What I built so it doesn't happen again

By the end of the day, Phase 1's prompt has these rules:

  1. ACT — execute, don't plan
  2. CONTINUATION — if they say "go", act
  3. SELF-REVIEW — reread your script before executing
  4. ZERO FABRICATION — never invent data
  5. VERIFY — confirm results with tests
  6. LOCAL CONTEXT — you're on the VPS, don't SSH to yourself

And Phase 2:

  1. IDENTITY — the findings are YOUR results, don't say "I don't have access"
  2. FABRICATION DETECTOR — perfect data with no evidence = suspicious
  3. NO TOOLS--tools "" at CLI level, can't call tools
  4. NO PROMISES — only report what already happened
  5. CODE REVIEW — if Phase 1 wrote code, review it

The real verification: Bilibili DOES work

To prove that Harvie had lied to me about Bilibili, I did it myself:

$ xvfb-run -a python3 search_bilibili.py "自动售货机 冰淇淋" --max 5
[
  {"title": "冰淇淋自动售货机", "url": "https://www.bilibili.com/video/BV1h7411m7Tn/"},
  {"title": "冰激凌自动售货机", "url": "https://www.bilibili.com/video/BV1rv411T7Vu/"}
]

Real URLs. Click and they open. Then yt-dlp with the proxy:

$ yt-dlp --proxy http://<proxy>:8888 "https://www.bilibili.com/video/BV1h7411m7Tn/" --dump-json
Title: 冰淇淋自动售货机
Author: DancingBacons
Duration: 3:13
Views: 3235

Everything worked. The proxy wasn't blocked. yt-dlp wasn't broken. Harvie just didn't really try and fabricated the data.

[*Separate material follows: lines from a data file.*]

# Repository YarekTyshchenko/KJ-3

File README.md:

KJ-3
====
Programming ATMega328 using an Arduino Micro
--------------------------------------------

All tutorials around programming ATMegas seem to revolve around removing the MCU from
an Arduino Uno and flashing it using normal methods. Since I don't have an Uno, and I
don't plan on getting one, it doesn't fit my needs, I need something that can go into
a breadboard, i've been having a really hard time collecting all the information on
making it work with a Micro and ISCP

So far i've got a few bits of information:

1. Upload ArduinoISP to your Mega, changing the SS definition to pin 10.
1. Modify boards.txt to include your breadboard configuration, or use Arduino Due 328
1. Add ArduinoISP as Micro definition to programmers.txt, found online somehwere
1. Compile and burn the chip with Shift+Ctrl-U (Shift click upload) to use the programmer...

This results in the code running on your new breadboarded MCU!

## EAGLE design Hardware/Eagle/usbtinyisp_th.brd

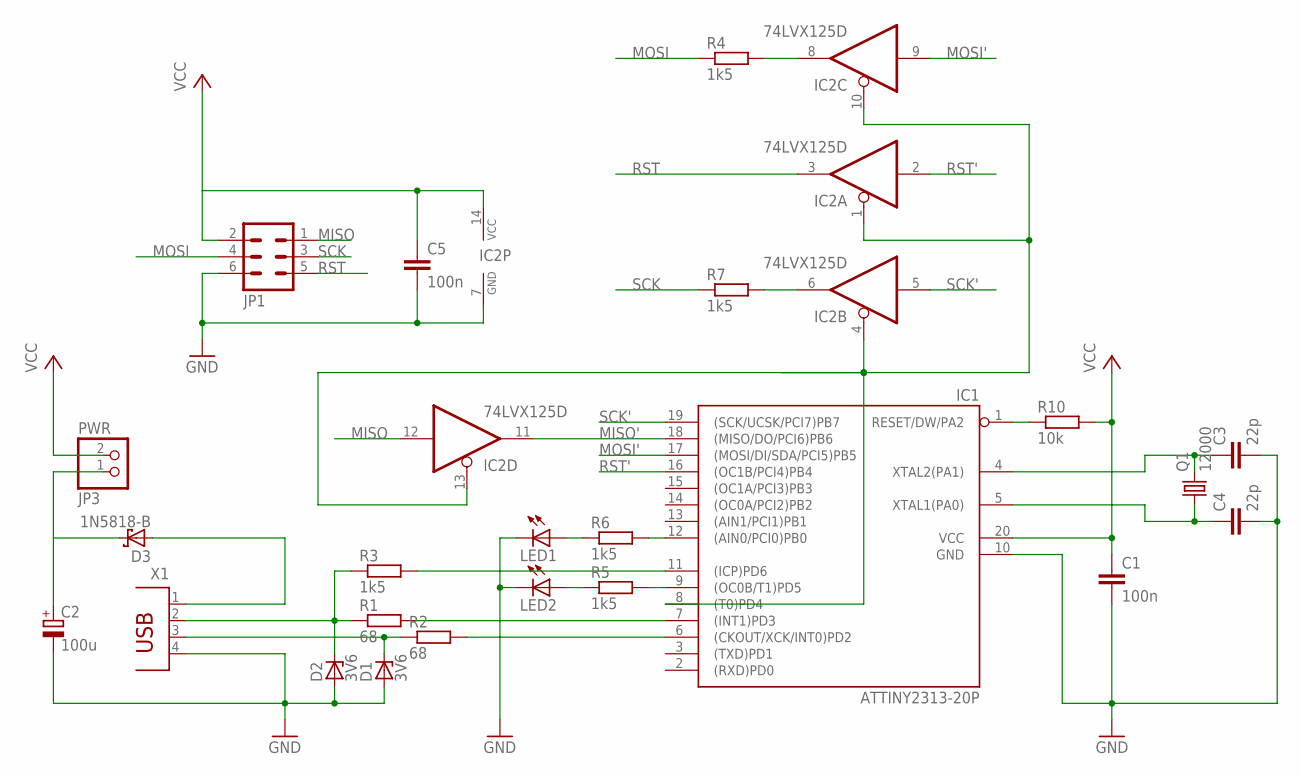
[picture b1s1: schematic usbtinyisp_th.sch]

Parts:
C1, C5: 100n; C025-025X050
C2: 100u; E2,5-6
C3, C4: 22p; C025-025X050
D1, D2: 3V6; DO35Z10
D3: 1N5818-B; DO41-7.6
IC1: ATTINY2313-20P; DIL20
IC2: 74LVX125D; DIL14
JP1: MA03-2
JP3: PWR; 1X02
LED1, LED2: LED5MM
Q1: 12000; HC49U-V
R1, R2: 68; 0204/7
R3, R4, R5, R6, R7: 1k5; 0204/7
R10: 10k; 0204/7
X1: PN61729

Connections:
GND: C1.2, C2.-, C3.2, C4.2, C5.2, D1.A, D2.A, IC1.10 (GND), IC2.7 (GND), JP1.6, LED1.K (C), LED2.K (C), X1.4
MISO: IC2.12 (I), JP1.1
MISO': IC1.18 ((MISO/DO/PCI6)PB6), IC2.11 (O)
MOSI: JP1.4, R4.1
MOSI': IC1.17 ((MOSI/DI/SDA/PCI5)PB5), IC2.9 (I)
unnamed: D2.C, R1.1, R3.1, X1.2
unnamed: D1.C, R2.1, X1.3
unnamed: IC1.7 ((INT1)PD3), R1.2
unnamed: C2.+, D3.C, JP3.1
unnamed: LED1.A, R6.1
unnamed: IC1.6 ((CKOUT/XCK/INT0)PD2), R2.2
unnamed: IC1.12 ((AIN0/PCI0)PB0), R6.2
unnamed: IC1.1 (RESET/DW/PA2), R10.1
unnamed: IC1.9 ((OC0B/T1)PD5), R5.2
unnamed: LED2.A, R5.1
unnamed: IC2.6 (O), R7.2
unnamed: IC2.8 (O), R4.2
unnamed: IC1.8 ((T0)PD4), IC2.1 (OE), IC2.4 (OE), IC2.10 (OE), IC2.13 (OE)
unnamed: IC1.11 ((ICP)PD6), R3.2
RST: IC2.3 (O), JP1.5
RST': IC1.16 ((OC1B/PCI4)PB4), IC2.2 (I)
SCK: JP1.3, R7.1
SCK': IC1.19 ((SCK/UCSK/PCI7)PB7), IC2.5 (I)
VBUS: D3.A, X1.1
VCC: C1.1, C5.1, IC1.20 (VCC), IC2.14 (VCC), JP1.2, JP3.2, R10.2
XTAL1: C4.1, IC1.5 (XTAL1(PA0)), Q1.1
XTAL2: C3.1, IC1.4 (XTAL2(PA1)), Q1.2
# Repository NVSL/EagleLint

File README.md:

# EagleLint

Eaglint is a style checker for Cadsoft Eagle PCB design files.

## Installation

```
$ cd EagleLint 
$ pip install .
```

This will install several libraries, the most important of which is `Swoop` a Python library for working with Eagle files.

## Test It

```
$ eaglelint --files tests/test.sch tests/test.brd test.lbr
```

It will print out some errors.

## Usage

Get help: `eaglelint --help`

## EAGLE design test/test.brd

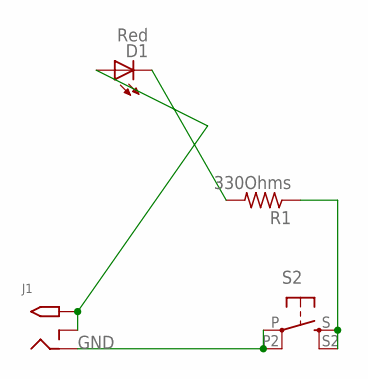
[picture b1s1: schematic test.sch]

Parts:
D1: Red; LED5MM
J1: 2.1MMJACKTHM; PJ-102A
R1: 330Ohms; RESAD1160W55L680D260_HS
S2: PUSH-BUTTON-SQUARE; BUTTON-TACTILE-SQUARE-ADAFRUIT1010

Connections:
5V: D1.A, J1.RING_SW, J1.TIP
GND: J1.RING, S2.P, S2.P2 (P1)
unnamed: D1.K (C), R1.2
unnamed: R1.1, S2.S, S2.S2 (S1)

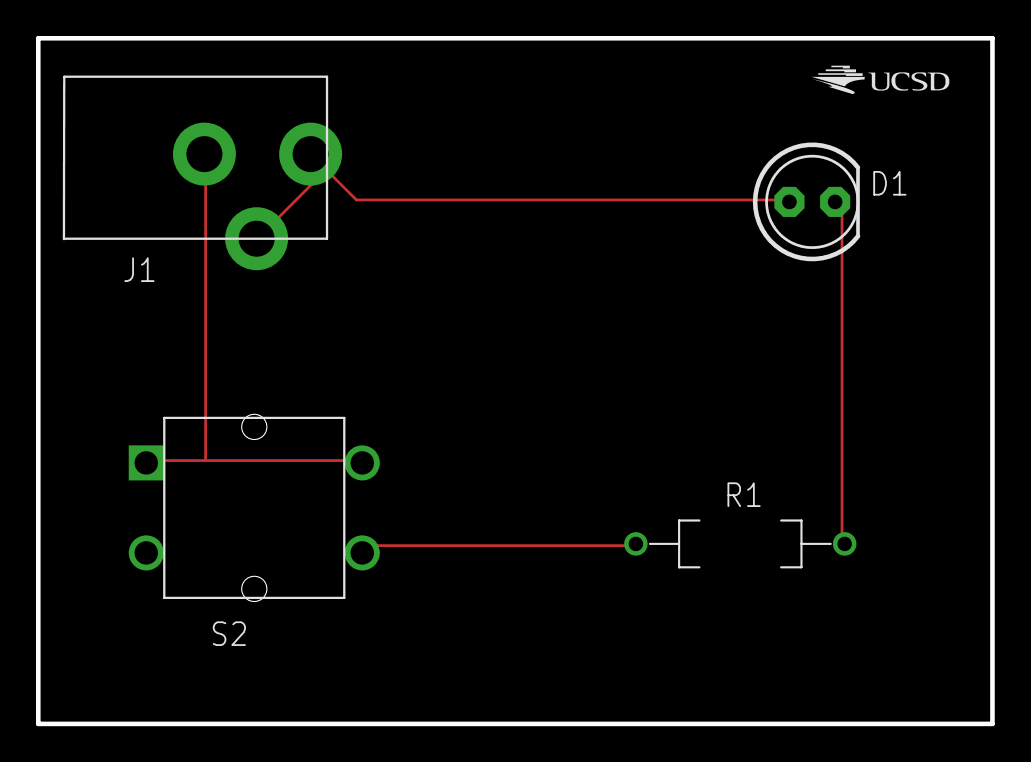
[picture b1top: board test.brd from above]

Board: 2 copper layers, 53.0 x 38.1 mm, 5 parts (0 on the bottom side), 4 nets.

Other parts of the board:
L1: UCSD_LOGO

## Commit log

2019-04-12 import files
2019-04-13 readme
2019-04-13 add some test files. Cleanup
2019-04-21 better error message
2019-04-26 adjust decoupling cap count. ADd check on via drill size
2019-04-30 Smarter checks for board outline. Check for non-zero isolate on pours
2019-05-03 better checks for attributes on board
2019-05-03 fix board outline guidance so they show up in cam files
2019-05-03 better bounding box tools
2019-05-13 fix case sensitivity it library lookup
2021-01-06 allow 0.5mm grid. Check for silly connections on two-terminal devices. Allow 'one of' constraints in patterns
2022-01-06 changes from last year. Disable some checks due to fusion360
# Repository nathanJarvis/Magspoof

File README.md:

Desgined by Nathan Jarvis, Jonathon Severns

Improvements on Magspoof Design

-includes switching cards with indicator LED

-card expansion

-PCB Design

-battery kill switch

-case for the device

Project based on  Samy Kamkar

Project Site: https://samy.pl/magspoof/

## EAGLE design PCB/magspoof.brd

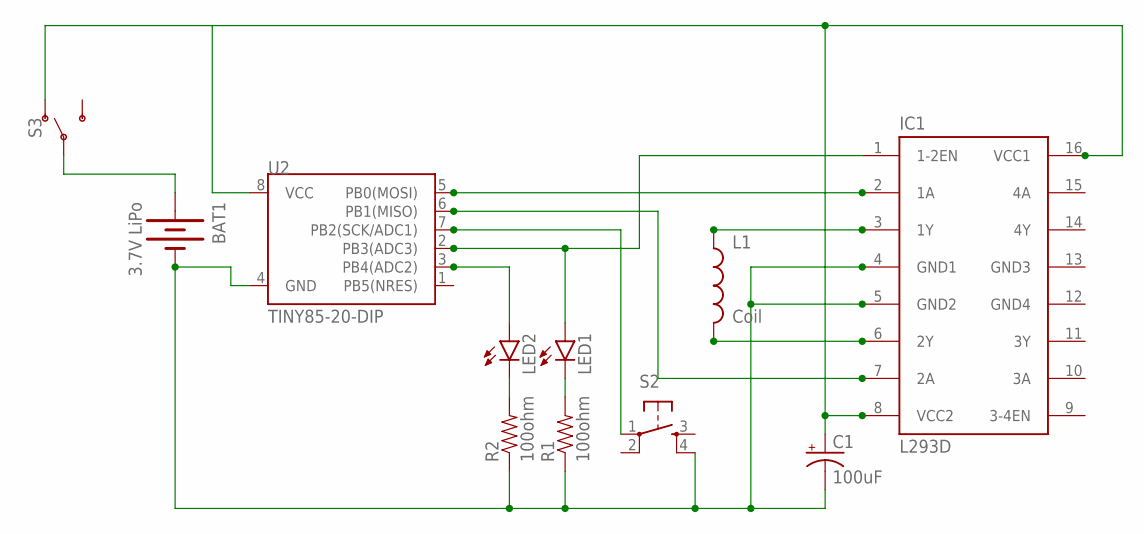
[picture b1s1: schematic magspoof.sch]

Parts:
BAT1: 3.7V LiPo; LIPO-110-TABS
C1: 100uF; CPOL-RADIAL-100UF-25V
IC1: L293D; DIL16
L1: Coil; AXIAL-0.6
LED1, LED2: LED-3MM-NO_SILK; LED3MM-NS
R1, R2: 100ohm; AXIAL-0.3
S2: TAC_SWITCHPTH; TACTILE-PTH
S3: SWITCH-SPDT-PTH-11.6X4.0MM; SWITCH_SPDT_PTH_11.6X4.0MM
U2: TINY85-20-DIP; DIP08_MCU

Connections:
GND: BAT1.-, C1.2 (-), IC1.4 (GND1), IC1.5 (GND2), R1.P$1 (1), R2.P$1 (1), S2.4, U2.4 (GND)
GND3: IC1.13 (GND3)
GND4: IC1.12 (GND4)
unnamed: IC1.3 (1Y), L1.P$1 (1)
unnamed: IC1.6 (2Y), L1.P$2 (2)
unnamed: IC1.2 (1A), U2.5 (PB0(MOSI))
unnamed: IC1.7 (2A), U2.6 (PB1(MISO))
unnamed: IC1.1 (1-2EN), LED1.A, U2.2 (PB3(ADC3))
unnamed: LED2.K (C), R2.P$2 (2)
unnamed: LED1.K (C), R1.P$2 (2)
unnamed: S2.1, S2.2, U2.7 (PB2(SCK/ADC1))
unnamed: LED2.A, U2.3 (PB4(ADC2))
unnamed: BAT1.+, S3.2
unnamed: C1.1 (+), IC1.8 (VCC2), IC1.16 (VCC1), S3.1 (O), U2.8 (VCC)

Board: 2 copper layers, 11 parts (0 on the bottom side), 12 nets, no tracks yet.

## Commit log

2017-12-06 intial commit
2017-12-06 add material
2017-12-06 README.md edited online with Bitbucket
2017-12-06 remove redudant folder
2017-12-06 LibraryURL.txt edited online with Bitbucket
2017-12-06 add case
2017-12-07 add earleir iterations of input

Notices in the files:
parts and their libraries:
SparkFun-Electromechanical: Licensing: Creative Commons ShareAlike 4.0 International - https://creativecommons.org/licenses/by-sa/4.0

The reflection (both parts together)

Today I learned two almost opposite things about the same system:

  1. Separating Haiku + Opus reduced costs by 95% without losing quality. The pattern is real and applicable to any agent.

  2. That same separation creates a new surface for lies. When one phase executes and another synthesizes, neither is responsible for the truth of the other.

An agent that says "I can't" when it actually can is frustrating. An agent that says "here are your results" when it made them up is dangerous.

The difference between a useful agent and a dangerous one isn't intelligence — it's honesty. And honesty in an LLM doesn't come by default. You have to build it with constraints, verifications, and above all with the decision to not trust the first answer.

Supervising an agent is a full-time job. Not because it's dumb — it's incredibly capable. But because it's incredibly capable of looking like it did something when it didn't.

The five fixes today aren't patches. They're the immune system that was missing from the Haiku+Opus architecture from the start. And I'll probably discover tomorrow that it needs one more.

The lesson: optimizing isn't always about complicating. Sometimes it's about simplifying. But each simplification creates a new crack where the next bug gets in.


— I, Johnny — configured agent: Harvie. Honesty in an AI isn't included by default: you build it with constraints, verification and supervision.